Received 79 bytes from ::1#53 in 1 ms
Trying "lab.scgc.ro"
;; ->>HEADER<<- opcode: QUERY, status: NOERROR, id: 5264
;; flags: qr aa rd ra; QUERY: 1, ANSWER: 0, AUTHORITY: 1, ADDITIONAL: 0

;; QUESTION SECTION:
;lab.scgc.ro.			IN	AAAA

;; AUTHORITY SECTION:
lab.scgc.ro.		604800	IN	SOA	lab.scgc.ro. root.scgc.ro. 3 604800 86400 2419200 604800

Received 71 bytes from ::1#53 in 0 ms
Trying "lab.scgc.ro"
;; ->>HEADER<<- opcode: QUERY, status: NOERROR, id: 24490
;; flags: qr aa rd ra; QUERY: 1, ANSWER: 0, AUTHORITY: 1, ADDITIONAL: 0

;; QUESTION SECTION:
;lab.scgc.ro.			IN	MX

;; AUTHORITY SECTION:
lab.scgc.ro.		604800	IN	SOA	lab.scgc.ro. root.scgc.ro. 3 604800 86400 2419200 604800

Received 71 bytes from ::1#53 in 0 ms

The command has to produce similar output when run on the dns VM.

Paired DNS zone transfer

Pair up with one of your peers.
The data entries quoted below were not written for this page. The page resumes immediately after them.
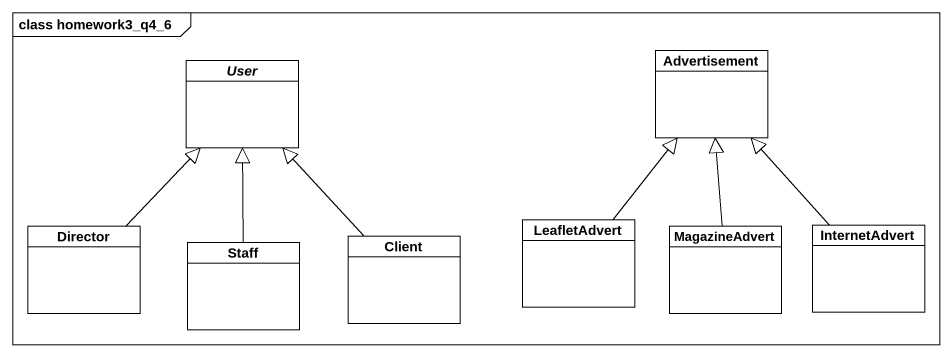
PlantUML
@startuml
mainframe class homework3_q4_6
hide circle
hide empty members
abstract class User
class Advertisement
class Director
class Staff
class Client
class LeafletAdvert
class MagazineAdvert
class InternetAdvert
Director -up-|> User
Staff -up-|> User
Client -up-|> User
LeafletAdvert -up-|> Advertisement
MagazineAdvert -up-|> Advertisement
InternetAdvert -up-|> Advertisement
@enduml
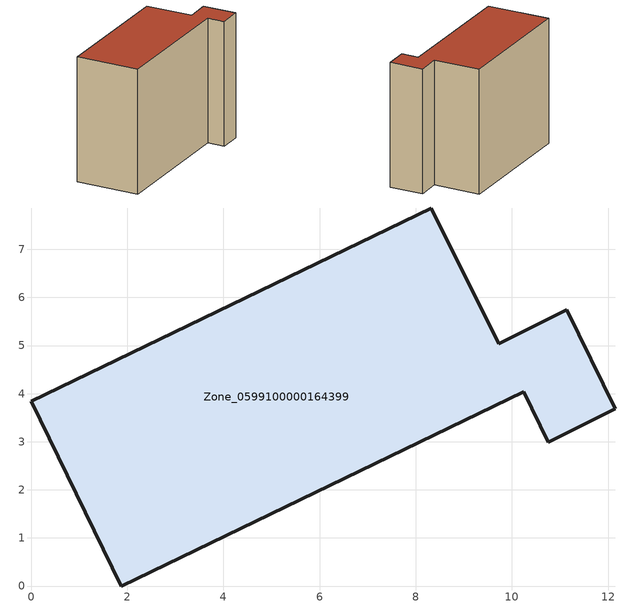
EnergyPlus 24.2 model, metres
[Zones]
Zone_0599100000164399
 floor ground (C_G): 10.25,4.04 1.87,0 0,3.84 8.32,7.86 9.72,5.04 11.14,5.75 12.15,3.68 10.75,2.99 z0
 wall outside (C_F): 8.32,7.86 0,3.84 1.87,0 10.25,4.04 10.75,2.99 12.15,3.68 11.14,5.75 9.72,5.04 8.32,7.86 z0:8.44
 roof outside (C_R): 9.72,5.04 8.32,7.86 0,3.84 1.87,0 10.25,4.04 10.75,2.99 12.15,3.68 11.14,5.75 z8.44
[BUILDING]
Pand.0599100000164399: North Axis=0; Terrain=City; Loads Convergence Tolerance Value=0.04; Temperature Convergence Tolerance Value=0.4; Solar Distribution=FullExterior; Maximum Number of Warmup Days=25; Minimum Number of Warmup Days=1
[Site:Location]
Rotterdam.The.Hague.AP_ZH_NLD Design_Conditions: Latitude=51.96; Longitude=4.45; Time Zone=1; Elevation=-4.5
[SITE:GROUNDTEMPERATURE:BUILDINGSURFACE]
18, 18, 18, 18, 18, 18, 18, 18, 18, 18, 18, 18
[MATERIAL] Thermal Absorptance=0.9; Solar Absorptance=0.7; Visible Absorptance=0.7
Name | Roughness | Thickness | Conductivity | Density | Specific Heat
G.TI.1946-1964 | MediumSmooth | 0.15 | 1 | 540 | 1210
F.TI.1946-1964 | Rough | 0.3 | 0.857143 | 1920 | 840
R.TI.1946-1964 | MediumRough | 0.2 | 0.277778 | 1500 | 1000
[CONSTRUCTION]
C_G: G.TI.1946-1964
C_F: F.TI.1946-1964
C_R: R.TI.1946-1964
[ZONE]
Zone_0599100000164399: Type=1; Multiplier=1; Ceiling Height=Autocalculate; Volume=Autocalculate; Floor Area=autocalculate; Part of Total Floor Area=Yes
[ZONEINFILTRATION:DESIGNFLOWRATE]
Infil_Zone_0599100000164399: Zone or ZoneList or Space or SpaceList=Zone_0599100000164399; Schedule=AlwaysOn; Design Flow Rate Calculation Method=Flow/Area; Flow Rate per Floor Area=0.003; Constant Term Coefficient=1; Temperature Term Coefficient=0; Velocity Term Coefficient=0; Velocity Squared Term Coefficient=0
[HVACTEMPLATE:ZONE:IDEALLOADSAIRSYSTEM]
Zone_0599100000164399: Maximum Heating Supply Air Temperature=50; Minimum Cooling Supply Air Temperature=13; Maximum Heating Supply Air Humidity Ratio=0.0156; Minimum Cooling Supply Air Humidity Ratio=0.0077; Heating Limit=NoLimit; Cooling Limit=NoLimit; Dehumidification Control Type=ConstantSensibleHeatRatio; Cooling Sensible Heat Ratio=0.7; Dehumidification Setpoint=60; Humidification Control Type=None; Humidification Setpoint=30; Outdoor Air Method=None; Outdoor Air Flow Rate per Person=0.00944; Outdoor Air Flow Rate per Zone Floor Area=0; Outdoor Air Flow Rate per Zone=0; Demand Controlled Ventilation Type=None; Outdoor Air Economizer Type=NoEconomizer; Heat Recovery Type=None; Sensible Heat Recovery Effectiveness=0.7; Latent Heat Recovery Effectiveness=0.65
[ZONECONTROL:THERMOSTAT]
ThermostatControl_Zone_0599100000164399: Zone or ZoneList=Zone_0599100000164399; Control Type Schedule=DualSetpointControlType; Control 1=Thermostat_Zone_0599100000164399; Temperature Difference Between Cutout And Setpoint=0
[THERMOSTATSETPOINT:DUALSETPOINT]
Thermostat_Zone_0599100000164399: Heating Setpoint Temperature Schedule=HeatingSetpoint_Zone_0599100000164399; Cooling Setpoint Temperature Schedule=CoolingSetpoint_Zone_0599100000164399
[SCHEDULE:COMPACT]
HeatingSetpoint_Zone_0599100000164399: Through: 12/31, For: AllDays, Until: 24:00, 21
CoolingSetpoint_Zone_0599100000164399: Through: 12/31, For: AllDays, Until: 24:00, 24
DualSetpointControlType: Through: 12/31, For: AllDays, Until: 24:00, 4
AlwaysOn: Through: 12/31, For: AllDays, Until: 24:00, 1

Each student will make the necessary changes in order for his master DNS server to be delegated the DNS zone of his colleague's master DNS server. You should be able to answer for queries about each others DNS domains.

DNSSEC

DNS is vulnerable to MITM attacks. An attacker can pretend to be a DNS server and supply an unsuspecting victim with the wrong IP address for a URL. In order to combat this, DNSSEC can be used and configured to validate the identity of the DNS server.

Using the instructions from here, setup DNSSEC between the dns and helper VM.